E76.1 Mucopolysaccharidosis, type II

Name of the Condition

• Mucopolysaccharidosis, type II (ICD-10 Code: E76.1)

Summary

Mucopolysaccharidosis, type II (MPS II) is a rare inherited disorder caused by a deficiency of the enzyme iduronate-2-sulfatase, leading to the accumulation of glycosaminoglycans (GAGs) in tissues. This buildup disrupts normal cellular function, resulting in progressive multisystem involvement, including skeletal abnormalities, organ enlargement, and neurological impairment. Early diagnosis and intervention are critical to manage symptoms and slow disease progression.

Causes

MPS II is caused by genetic mutations in the IDS gene, which encodes the iduronate-2-sulfatase enzyme. These mutations impair the enzyme's ability to break down GAGs, leading to their accumulation in cells, tissues, and organs. The condition follows an X-linked recessive inheritance pattern, meaning males are typically more severely affected, while females may be carriers or show variable symptoms.

Risk Factors

• Family history of MPS II or related lysosomal storage disorders.
• Consanguineous relationships (increased risk of recessive inheritance).
• Ethnic or geographic populations with higher carrier rates for IDS mutations.

Symptoms

• Skeletal abnormalities, such as short stature, joint stiffness, or dysostosis multiplex.
• Organ enlargement (e.g., hepatosplenomegaly).
• Neurological symptoms, including developmental delay, seizures, or cognitive impairment.
• Coarse facial features, clouded corneas, and hearing loss.

Diagnosis

Diagnosis involves clinical evaluation of symptoms, enzyme activity testing (iduronate-2-sulfatase deficiency), and genetic testing to confirm mutations in the IDS gene. Urine tests may show elevated GAG levels, and imaging studies can assess organ and skeletal involvement.

Treatment Options

Treatment focuses on managing symptoms and slowing disease progression. Enzyme replacement therapy (ERT) is available to address systemic manifestations. Supportive care includes physical therapy, surgery for skeletal or organ complications, and management of neurological symptoms.

Prognosis and Follow-Up

Prognosis varies based on disease severity and age of onset. Early intervention improves outcomes, but progressive organ damage and neurological decline may occur. Regular follow-up with specialists (e.g., geneticists, neurologists) is essential to monitor complications and adjust care.

Complications

• Progressive neurological impairment (e.g., cognitive decline, motor dysfunction).
• Respiratory and cardiac complications due to organ enlargement.
• Skeletal deformities and joint contractures.
• Vision and hearing loss.

Lifestyle & Prevention

• Genetic counseling for families with a history of MPS II.
• Prenatal testing or carrier screening for at-risk pregnancies.
• Supportive therapies (e.g., physical therapy) to maintain mobility and function.
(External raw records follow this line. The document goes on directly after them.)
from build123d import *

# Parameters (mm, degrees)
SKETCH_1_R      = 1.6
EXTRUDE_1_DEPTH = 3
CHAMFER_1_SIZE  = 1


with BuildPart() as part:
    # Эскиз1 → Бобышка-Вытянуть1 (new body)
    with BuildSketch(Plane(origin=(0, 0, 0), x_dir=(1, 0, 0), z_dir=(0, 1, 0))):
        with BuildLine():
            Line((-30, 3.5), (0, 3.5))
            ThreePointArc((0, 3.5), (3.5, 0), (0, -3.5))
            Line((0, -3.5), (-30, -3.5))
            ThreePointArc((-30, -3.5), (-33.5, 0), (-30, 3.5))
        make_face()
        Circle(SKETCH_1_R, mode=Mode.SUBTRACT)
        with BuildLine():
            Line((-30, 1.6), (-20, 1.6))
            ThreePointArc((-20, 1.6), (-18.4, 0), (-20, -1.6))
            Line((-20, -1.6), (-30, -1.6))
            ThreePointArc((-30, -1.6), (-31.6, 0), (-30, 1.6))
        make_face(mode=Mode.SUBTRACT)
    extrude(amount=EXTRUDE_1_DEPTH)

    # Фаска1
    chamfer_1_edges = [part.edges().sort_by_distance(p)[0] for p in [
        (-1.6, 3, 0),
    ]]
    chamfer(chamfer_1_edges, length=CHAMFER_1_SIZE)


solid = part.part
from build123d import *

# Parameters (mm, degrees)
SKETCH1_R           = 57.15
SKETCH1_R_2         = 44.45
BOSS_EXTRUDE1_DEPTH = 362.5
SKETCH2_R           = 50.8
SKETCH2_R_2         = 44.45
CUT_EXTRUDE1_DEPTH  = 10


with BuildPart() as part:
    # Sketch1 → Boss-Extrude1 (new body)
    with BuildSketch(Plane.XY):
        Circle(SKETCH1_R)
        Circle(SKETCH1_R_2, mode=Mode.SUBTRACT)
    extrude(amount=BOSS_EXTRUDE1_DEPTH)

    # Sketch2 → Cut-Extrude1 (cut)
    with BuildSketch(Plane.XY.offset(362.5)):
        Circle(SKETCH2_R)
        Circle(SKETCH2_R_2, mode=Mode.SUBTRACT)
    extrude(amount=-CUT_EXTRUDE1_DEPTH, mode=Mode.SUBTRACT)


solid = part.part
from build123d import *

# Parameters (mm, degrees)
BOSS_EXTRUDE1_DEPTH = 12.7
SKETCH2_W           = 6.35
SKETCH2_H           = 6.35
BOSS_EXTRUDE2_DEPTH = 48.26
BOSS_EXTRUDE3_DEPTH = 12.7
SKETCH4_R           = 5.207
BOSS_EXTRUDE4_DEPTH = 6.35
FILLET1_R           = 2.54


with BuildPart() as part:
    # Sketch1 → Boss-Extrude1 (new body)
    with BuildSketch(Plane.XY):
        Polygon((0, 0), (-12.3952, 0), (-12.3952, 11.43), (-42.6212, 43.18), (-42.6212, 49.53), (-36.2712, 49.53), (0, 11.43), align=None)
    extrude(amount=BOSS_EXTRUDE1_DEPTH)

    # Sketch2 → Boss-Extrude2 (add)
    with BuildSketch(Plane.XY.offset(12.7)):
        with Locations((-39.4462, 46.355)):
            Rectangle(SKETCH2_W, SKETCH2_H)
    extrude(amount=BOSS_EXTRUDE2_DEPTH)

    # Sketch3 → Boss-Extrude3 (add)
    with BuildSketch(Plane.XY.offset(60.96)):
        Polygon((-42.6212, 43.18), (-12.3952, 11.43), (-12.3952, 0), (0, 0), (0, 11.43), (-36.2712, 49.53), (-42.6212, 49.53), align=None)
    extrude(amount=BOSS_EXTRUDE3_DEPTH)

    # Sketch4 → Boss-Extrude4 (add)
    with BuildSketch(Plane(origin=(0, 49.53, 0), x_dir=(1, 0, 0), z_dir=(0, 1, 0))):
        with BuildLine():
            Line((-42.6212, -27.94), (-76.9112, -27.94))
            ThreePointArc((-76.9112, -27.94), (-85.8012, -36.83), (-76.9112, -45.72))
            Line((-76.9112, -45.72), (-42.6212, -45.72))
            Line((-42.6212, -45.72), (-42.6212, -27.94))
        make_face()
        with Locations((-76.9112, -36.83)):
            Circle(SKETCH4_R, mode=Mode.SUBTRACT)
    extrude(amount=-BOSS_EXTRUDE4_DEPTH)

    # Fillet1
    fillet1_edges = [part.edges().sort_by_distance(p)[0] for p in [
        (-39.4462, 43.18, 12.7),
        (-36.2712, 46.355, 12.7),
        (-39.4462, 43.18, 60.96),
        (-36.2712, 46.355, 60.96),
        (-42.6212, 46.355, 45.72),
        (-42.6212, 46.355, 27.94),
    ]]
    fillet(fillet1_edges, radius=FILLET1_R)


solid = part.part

When to Seek Professional Help

Seek medical attention if symptoms such as developmental delays, organ enlargement, or skeletal abnormalities are observed, especially in males with a family history of the condition.

Tips for Medical Coders

Document the specific type of mucopolysaccharidosis (type II) and confirm the presence of characteristic symptoms or diagnostic findings. Ensure the code E76.1 is used for confirmed cases, with additional codes for complications or associated conditions as needed.